夜の漂流

No.182 / 2012年10月11日配信

 ヒンヤリとした夜風が少し開いた窓から入ってきます。昼間は半袖でも良さそうな陽気でも、さすがに夜はサラッとした冷気がもう一枚のセーターを要求します。やっぱり、こんな夜はエラ・フィッツジェラルドのボーカルです。エラ・イン・ベルリンのCDを選んでセットし、読み始めて2日目の文庫本を手にしながら椅子に深く腰を下ろすと、さて、何かが足りません。

 すぐに伝承かめ壷造り・本格芋焼酎『幸蔵』のお湯割りを作り、再び本を開きます。その本は「エンデュアランス号漂流(新潮文庫)」という、南極探検に向かう途中で遭難し、極寒の地で漂流するという実話をベースにした百年も前の物語です。英国人探検家アーネスト・シャクルトンを隊長とする28人の乗組員が乗った「エンデュアランス号」が氷の圧力で沈没してしまいます。

 小舟とともに脱出した乗組員全員は氷上移動の苦しみを含め、1年5ヶ月にも及んだ史上最悪の漂流後に奇跡的な生還を果たします。残り少ないビスケットを節約し、アザラシやペンギンの肉を食べ、脂肪を燃料として利用し生き延びます。凍傷の手を殺したアザラシの血まみれの内臓の中に突っ込み、暖をとる姿に圧倒されます。

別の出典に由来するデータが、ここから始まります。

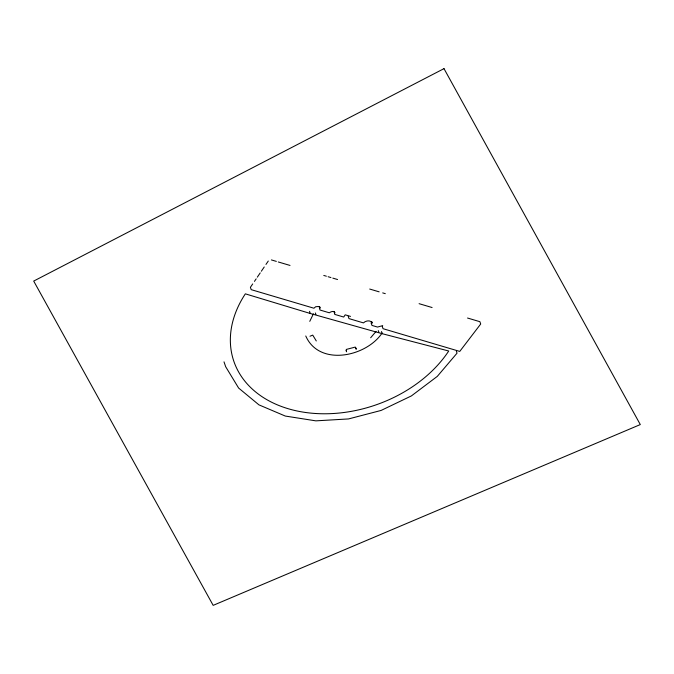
<?xml version="1.0" encoding="UTF-8"?>
<svg xmlns="http://www.w3.org/2000/svg" width="674" height="674" viewBox="0 0 674 674"><rect width="100%" height="100%" fill="white"/><g stroke="black" fill="none" stroke-linecap="round" stroke-linejoin="round"><path stroke-width="1.01" d="M371.576 321.683L371.163 323.09L371.964 325.416L377.507 327.058L382.731 325.626M252.708 283.931L250.399 287.326L251.2 289.651L313.941 308.229L315.634 306.763L318.381 306.493L319.383 306.999L319.939 310.006L329.333 312.795C330.774 311.666 334.11 310.411 335.062 312.82M309.77 321.346L313.418 313.814M334.144 311.674L334.734 314.387L343.698 317.05L345.206 314.825L350.505 316.401M254.435 281.387L256.171 278.842M257.325 277.149L260.206 272.911M261.36 271.209L264.242 266.971M265.969 264.427L268.277 261.04M370.649 337.767L376.058 331.414M382.048 333.099C366.277 356.799 319.265 366.858 305.76 335.981M309.989 336.233L312.744 335.13L316.291 340.96M382.251 333.706L448.732 351.002A119.686 87.393 -19 0 1 289.812 409.194A119.686 87.393 -19 0 1 245.344 293.839L310.293 313.486L382.251 333.706L381.509 331.532M271.403 259.928L276.34 261.386M278.311 261.975L290.022 265.438M323.773 275.439L326.368 276.205M328.103 276.719L330.934 277.562M332.83 278.126L337.556 279.525M369.697 289.045L379.15 291.842M382.697 292.895L385.301 293.662M419.093 303.679L432.093 307.529M467.537 318.027L479.896 321.692L480.697 324.017L459.744 351.424L383.051 328.701L382.251 326.376M319.383 306.999L320.15 308.052L319.611 306.502M456.365 351.213L457.039 353.168L437.291 376.387L411.393 395.916L381.122 410.432L348.525 418.933L315.845 420.854L285.287 416.052L258.951 404.863L238.621 388.047L225.689 366.749L224.004 361.854M378.291 330.631L378.83 332.198M371.728 321.549L372.267 323.099C370.725 319.678 365.637 320.605 363.454 322.897L348.997 318.617L348.197 316.291M355.695 347.666L356.234 349.233L355.282 347.085L346.36 349.41L346.537 351.769L345.998 350.202M315.365 312.947L315.904 314.514M309.543 311.304L310.293 313.486M443.998 68.638L33.7 281.075L213.169 605.362L640.3 424.569L443.998 68.638"/></g></svg>
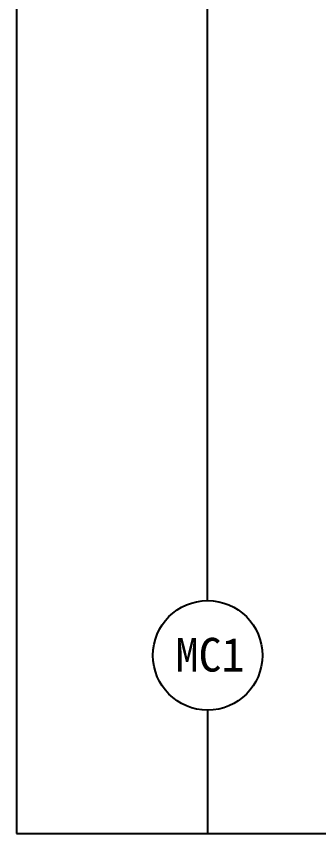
# Model space of a CAD drawing. Extents: x 10 to 297, y 3 to 207.
# Drawn here: x 53 to 78.6, y 48.9 to 118.1 of the extents above; entities that cross this region are included whole.
import ezdxf
from ezdxf.enums import TextEntityAlignment as Align

# ---------------------------------------------------------------- set-up
doc = ezdxf.new("R2010")
doc.units = 0
doc.layers.get('0').update_dxf_attribs({"linetype": 'CONTINUOUS'})
doc.layers.add('標尺寸層', color=3, linetype='CONTINUOUS')

msp = doc.modelspace()

# ---------------------------------------------------------------- linework, layer by layer
for p, q in [((69.199, 68.653), (69.199, 139.12)), ((69.199, 59.372), (69.199, 48.908)), ((52.985, 48.908), (291.465, 48.908))]:
    msp.add_line(p, q)
msp.add_circle((69.199, 64.012), 4.641)
at = {"layer": '標尺寸層', "color": 7}
msp.add_line((52.985, 129.12), (52.985, 48.908), dxfattribs=at)

# ---------------------------------------------------------------- texts
at = {"color": 7}
msp.add_text('MC1', height=2.8559, dxfattribs=at).set_placement((69.402, 64.068), align=Align.MIDDLE_CENTER)

doc.saveas('drawing.dxf')

 いつの間にかエラの歌声は止み、ハッと気付けば、机の上の焼酎カップは空になったまま。3/4程読み終えた文庫本を伏せて、窓の外に目をやります。どんな絶望的な状況下でも、希望だけは捨ててはいけないよと、夜の暗闇がつぶやきました。自分にはそんな強い精神力はないなぁ。ちょっと苦笑いをしたら、もう一杯のお湯割りが欲しくなりました。さぁ、漂流の続きです。